セイナの方は、40代くらいに見えるのだが、アキハはどう見ても20代後半、人によってはレンドルフと大差ないと思うかもしれない。だがユリからもたらされた真実に、レンドルフは一瞬固まった後にパカリと口を開けて思わず声が漏れていたのだった。



「どっちかと言うと、アキハお姉さんの方が先に知り合ったの。元は父の…幼馴染み?旧知の仲?って聞いてる。ウチの家…ええと、実はアキハお姉さんって元聖女候補で、薬師だったひいおじい様に才能を見込まれて」

「そ、そうなんだ。元聖女候補が治癒士に…よく国と神殿が許したね」

「そこは本人とひいおじい様が頑張ったって聞いてる」


見た目はともかく、アキハがユリの曾祖父に目を掛けられていたのなら年代はユリの母親世代に近いのだろう。レンドルフからすると兄の年代なのだが、大幅に年齢が離れているので世間一般的には親世代だ。


聖女や聖人は、強い聖魔法の使い手で、最上位の再生魔法が使える者だけがその名を冠することが出来る。現在オベリス王国には五名存在しているがそれでも足りていないので、彼らに再生魔法を行使してもらうには莫大な治療費が掛かる。最上位の魔法で体の欠損や瀕死の重傷であっても完治させてしまう程の強力な効果をもたらすが、その分魔力消費量が他の比ではない。欠損部位や患者の状態によっては魔力を枯渇させても足りないほどだ。魔力を枯渇させてしまうと術者の命に関わるので、数人がかりで治療に当たるように決められている。それでも魔力回復薬を大量に消費するのでその分の費用も含めると、かなり裕福で重要な地位にいる人間しか依頼することが出来ない。


アキハは、確かに再生魔法も重要ではあるが、数人で一人の命を救うよりも膨大な魔力を治癒魔法に使って一人でも多くの人間を助けたい、と主張していた。聖女に認定されてしまうといつ再生魔法の依頼が来ないとも知れないので、日常であまり他の魔法の行使はさせてもらえないのだ。基本的に聖女、聖人認定は拒否は許されないのだが、王族に多大な貸しがあったアスクレティ家の力で強引に捩じ伏せ、アキハは治癒士になることが出来たのだった。
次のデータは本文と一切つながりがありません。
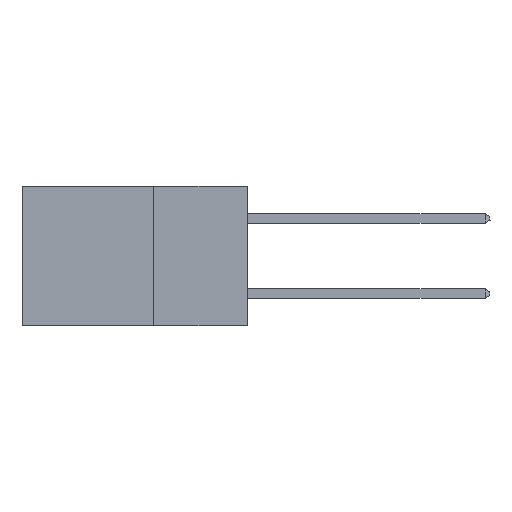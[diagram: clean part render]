
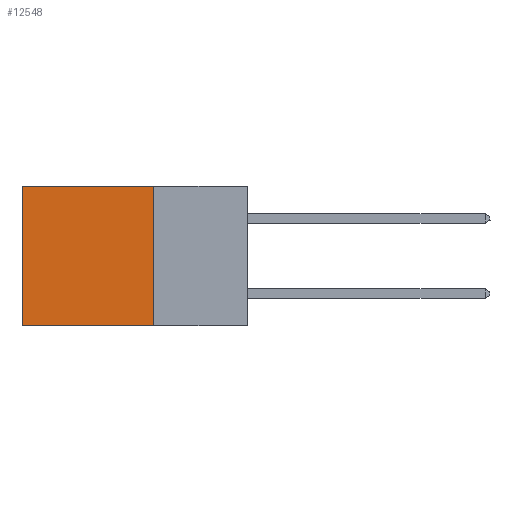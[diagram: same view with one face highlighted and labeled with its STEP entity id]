
A CAD part, left-side view. The second image highlights one B-rep face of the part: STEP entity #12548.
In plain terms, the highlighted planar face has unit normal (-1, 0, 0).
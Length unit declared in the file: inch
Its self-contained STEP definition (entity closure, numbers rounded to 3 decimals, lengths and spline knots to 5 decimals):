
#2 = VERTEX_POINT ( 'NONE', #4873 ) ;
#232 = DIRECTION ( 'NONE',  ( 0., 0., -1. ) ) ;
#1132 = EDGE_LOOP ( 'NONE', ( #28816, #23603, #33702, #2913 ) ) ;
#2524 = DIRECTION ( 'NONE',  ( 1., 0., 0. ) ) ;
#2666 = CARTESIAN_POINT ( 'NONE',  ( 0.298, 0.6, 0. ) ) ;
#2913 = ORIENTED_EDGE ( 'NONE', *, *, #24135, .T. ) ;
#3505 = CARTESIAN_POINT ( 'NONE',  ( 0.298, 0.25, -0.37 ) ) ;
#4873 = CARTESIAN_POINT ( 'NONE',  ( 0.298, 0.25, -0.37 ) ) ;
#4976 = VERTEX_POINT ( 'NONE', #19975 ) ;
#5196 = DIRECTION ( 'NONE',  ( 0., 0., -1. ) ) ;
#5212 = FACE_OUTER_BOUND ( 'NONE', #1132, .T. ) ;
#5848 = LINE ( 'NONE', #10844, #16266 ) ;
#8862 = DIRECTION ( 'NONE',  ( 0., 1., 0. ) ) ;
#10844 = CARTESIAN_POINT ( 'NONE',  ( 0.298, 0.25, 0. ) ) ;
#12548 = ADVANCED_FACE ( 'NONE', ( #5212 ), #18327, .F. ) ;
#14377 = VECTOR ( 'NONE', #30701, 39.37008 ) ;
#14956 = LINE ( 'NONE', #3505, #28608 ) ;
#16106 = CARTESIAN_POINT ( 'NONE',  ( 0.298, 0.25, 0. ) ) ;
#16266 = VECTOR ( 'NONE', #24165, 39.37008 ) ;
#18327 = PLANE ( 'NONE',  #20877 ) ;
#18773 = VERTEX_POINT ( 'NONE', #33719 ) ;
#19975 = CARTESIAN_POINT ( 'NONE',  ( 0.298, 0.25, 0. ) ) ;
#20482 = CARTESIAN_POINT ( 'NONE',  ( 0.298, 0.6, 0. ) ) ;
#20877 = AXIS2_PLACEMENT_3D ( 'NONE', #16106, #2524, #232 ) ;
#21602 = EDGE_CURVE ( 'NONE', #32761, #18773, #33526, .T. ) ;
#23603 = ORIENTED_EDGE ( 'NONE', *, *, #26617, .F. ) ;
#24135 = EDGE_CURVE ( 'NONE', #4976, #32761, #5848, .T. ) ;
#24165 = DIRECTION ( 'NONE',  ( 0., 1., 0. ) ) ;
#26617 = EDGE_CURVE ( 'NONE', #2, #18773, #14956, .T. ) ;
#27647 = LINE ( 'NONE', #28012, #14377 ) ;
#28012 = CARTESIAN_POINT ( 'NONE',  ( 0.298, 0.25, 0. ) ) ;
#28608 = VECTOR ( 'NONE', #8862, 39.37008 ) ;
#28816 = ORIENTED_EDGE ( 'NONE', *, *, #21602, .T. ) ;
#30120 = EDGE_CURVE ( 'NONE', #4976, #2, #27647, .T. ) ;
#30701 = DIRECTION ( 'NONE',  ( 0., 0., -1. ) ) ;
#31010 = VECTOR ( 'NONE', #5196, 39.37008 ) ;
#32761 = VERTEX_POINT ( 'NONE', #20482 ) ;
#33526 = LINE ( 'NONE', #2666, #31010 ) ;
#33702 = ORIENTED_EDGE ( 'NONE', *, *, #30120, .F. ) ;
#33719 = CARTESIAN_POINT ( 'NONE',  ( 0.298, 0.6, -0.37 ) ) ;

「それだけすごい人達が付いてるなら、きっと大丈夫だね」

「うん。あのご令嬢には何であんなことをしたのか、魔力回復薬の入手経路とか聞き出さないとだし。…持ち出したにしろ誰かが渡したにしろ、経路を突き止めなきゃ」


ユリの言葉の後半は少し声が低くなって、視線にも鋭い気配が混じる。

クリスティアが持参していたのは、通常では手に入らない五倍希釈の魔力回復薬だった。それこそ聖女クラスの魔力量の人間でないと使用許可は降りないし、そんなに簡単に手に入るようでは悪用されて毒薬代わりに使われかねない為に管理も厳重な筈だ。そしてその管理を行っているのは薬師ギルドが殆どだ。薬師見習いのユリとしても「薬の」アスクレティ家としても見逃せない案件なのだ。



そのまましばらくレンドルフとユリは案内された部屋で待っていたが、夕刻近くになってもクリスティアの容態は一進一退で予断を許さない状況を脱することはなく、セイナ達の手が離せないということで結局ユリは先に帰宅することになったのだった。